UK Biobank has today unveiled incredible new data from whole genome sequencing of its half a million participants, a step that is set to drive the discovery of new diagnostics, treatments and cures.  

The data, uniquely, is available to approved researchers worldwide, via a protected database containing only de-identified data (e.g. name, address, date of birth, name of GP and more stripped out) 

This abundance of genomic data is unparalleled, but what cements it as a defining moment for the future of healthcare is its use in combination with the existing wealth of data UK Biobank has collected over the past 15 years on lifestyle, whole body imaging scans, health information, and proteins found in the blood. 

After five years, more than 350,000 hours of genome sequencing, and over £200 million of investment, UK Biobank is releasing the world’s largest-by-far single set of sequencing data, completing the most ambitious project of its kind ever undertaken.

“This is a veritable treasure trove for approved scientists undertaking health research, and I expect it to have transformative results for diagnoses, treatments and cures around the globe,” said Professor Sir Rory Collins FRS FMedSci, Principal Investigator at UK Biobank. 

Game-changing data for health research 

Today’s addition of sequencing data comes after a series of great leaps made using the vast UK Biobank biomedical database.

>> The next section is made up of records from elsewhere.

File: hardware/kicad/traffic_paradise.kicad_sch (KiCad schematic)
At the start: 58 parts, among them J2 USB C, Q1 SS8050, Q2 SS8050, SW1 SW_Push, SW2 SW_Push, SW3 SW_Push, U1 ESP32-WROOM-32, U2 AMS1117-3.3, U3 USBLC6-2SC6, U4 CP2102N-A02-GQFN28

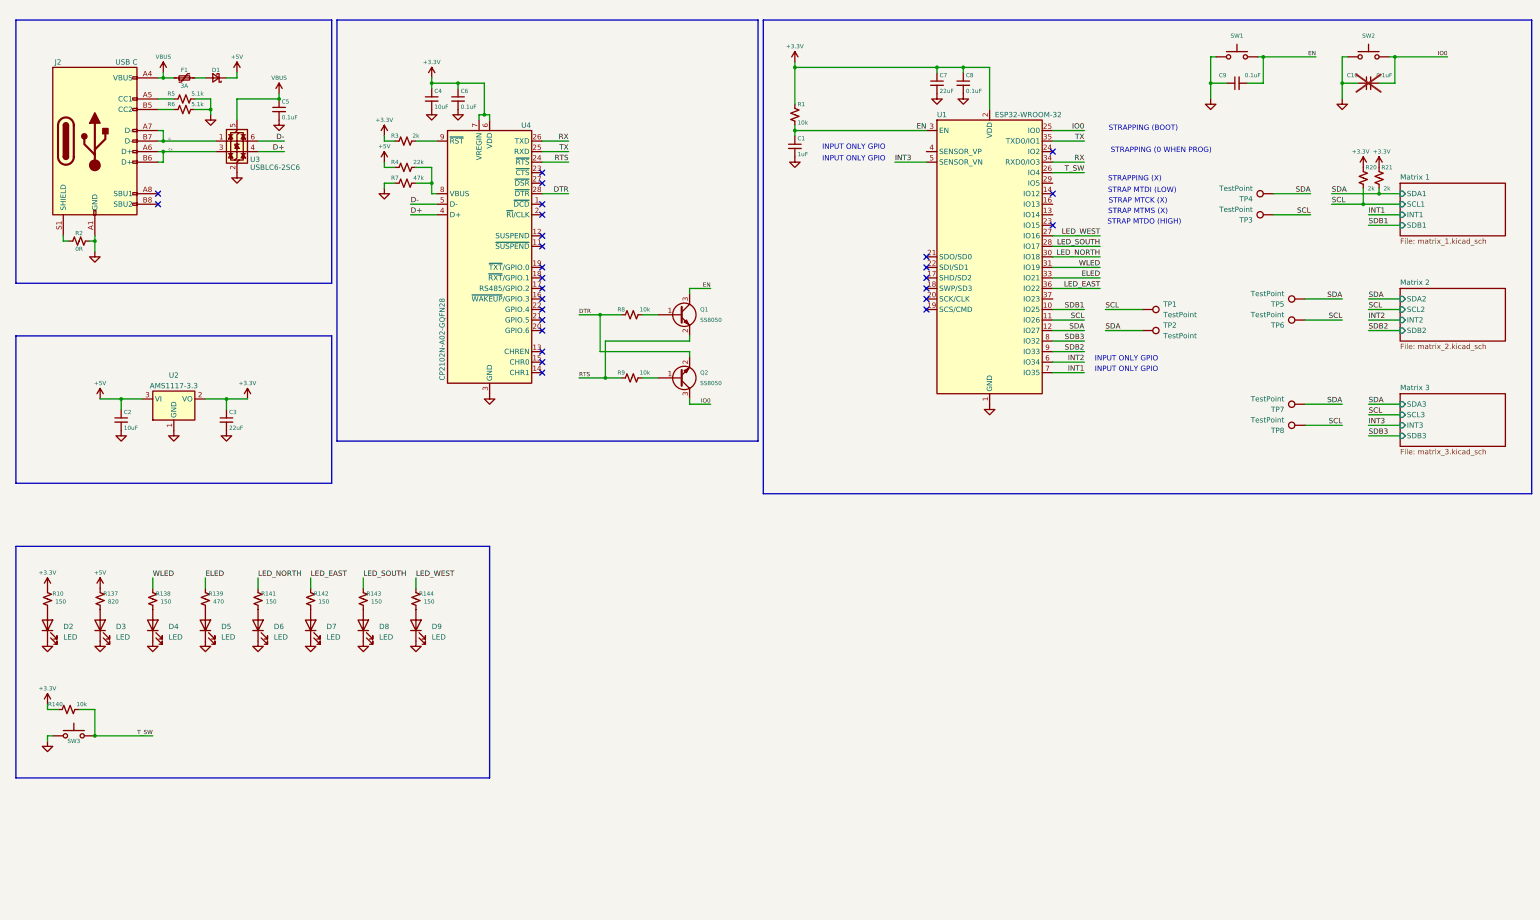
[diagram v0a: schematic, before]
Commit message: add jtag functionality with tristate buffers
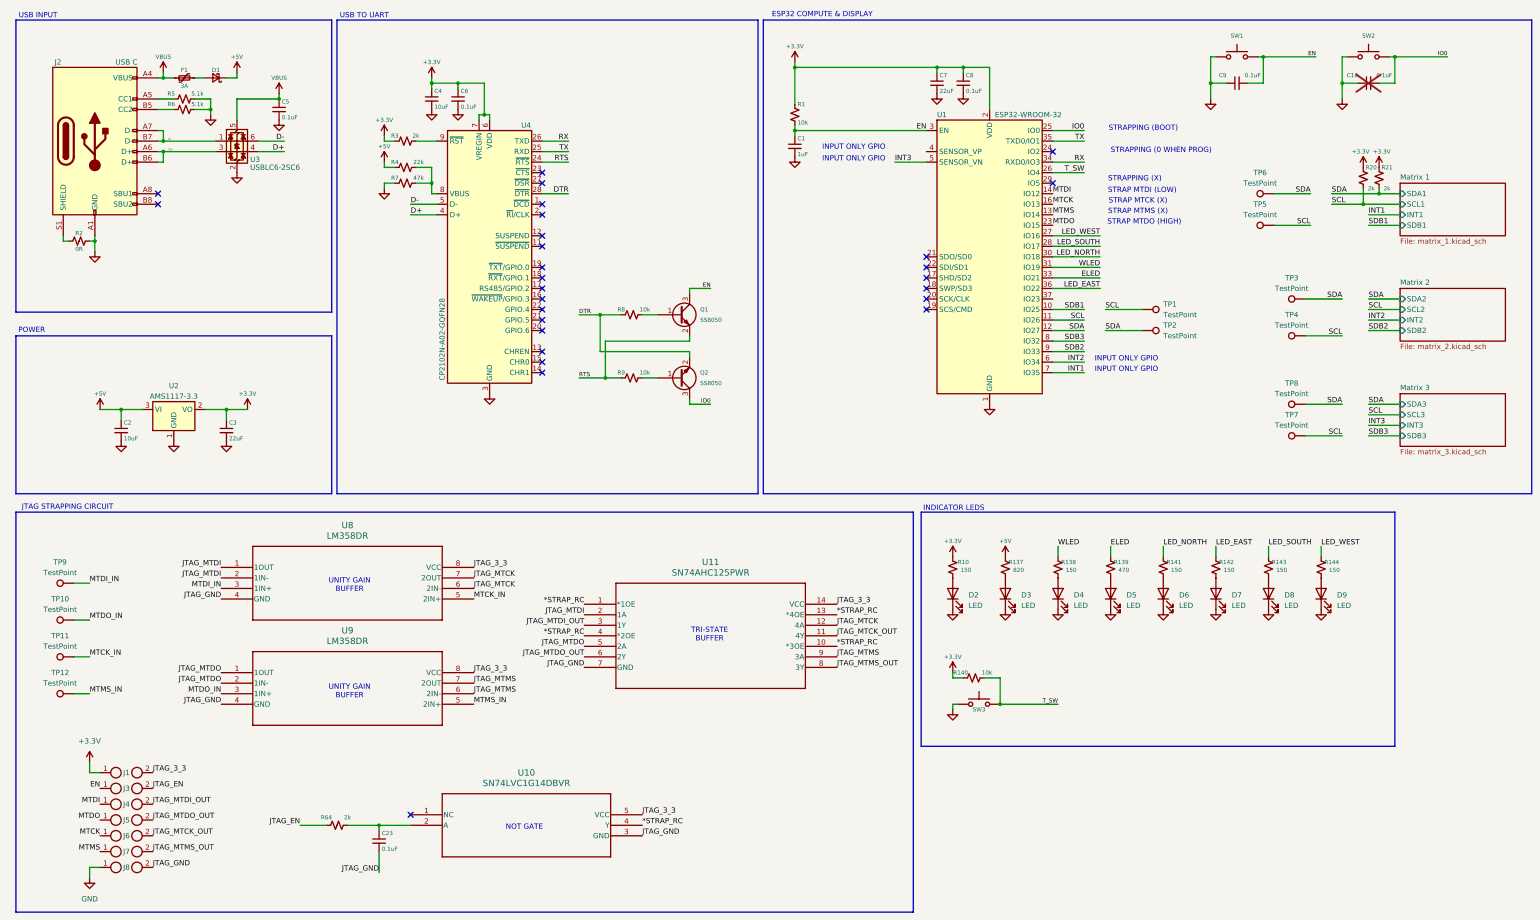
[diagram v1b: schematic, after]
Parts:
- added C23: 0.1uF, Capacitor_SMD:C_0402_1005Metric, symbol Device:C_Small
- added J1, J3, J4, J5, J6, J7, J8: ~, jumpers:breadboard_jumper, symbol Isolators:breadboard_jumper
- added R64: 2k, Resistor_SMD:R_0402_1005Metric, symbol Device:R_Small_US
- added TP10, TP11, TP12, TP9: TestPoint, TestPoint:TestPoint_THTPad_2.5x2.5mm_Drill1.2mm, symbol Connector:TestPoint
- added U10: SN74LVC1G14DBVR, map_lbr:DBV5, symbol SN74LVC1G14DBVR:SN74LVC1G14DBVR
- added U11: SN74AHC125PWR, map_lbr:PW14, symbol SN74AHC125PWR:SN74AHC125PWR
- added U8, U9: LM358DR, map_lbr:D8, symbol LM358DR:LM358DR
- TP1, TP2, TP3, TP4, TP5, TP6, TP7, TP8: footprint TestPoint:TestPoint_THTPad_1.5x1.5mm_Drill0.7mm -> TestPoint:TestPoint_THTPad_2.5x2.5mm_Drill1.2mm
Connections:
- net +3.3V: now also J1.1
- net EN: now also J3.1
- net GND: now also J8.1
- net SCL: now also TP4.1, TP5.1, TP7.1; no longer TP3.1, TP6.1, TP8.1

These leaps include: finding genes associated with protection against obesity and type 2 diabetes, which has the potential to lead to the development of new drugs; identifying individuals at very high genetic risk for diseases such as heart disease, breast cancer and prostate cancerwhich may help with screening; and a link between activity and Parkinson’s that can predict the disease up to seven years before diagnosis from smartwatch data, potentially leading to early intervention. The new sequencing data will dramatically enhance the existing data’s potential. 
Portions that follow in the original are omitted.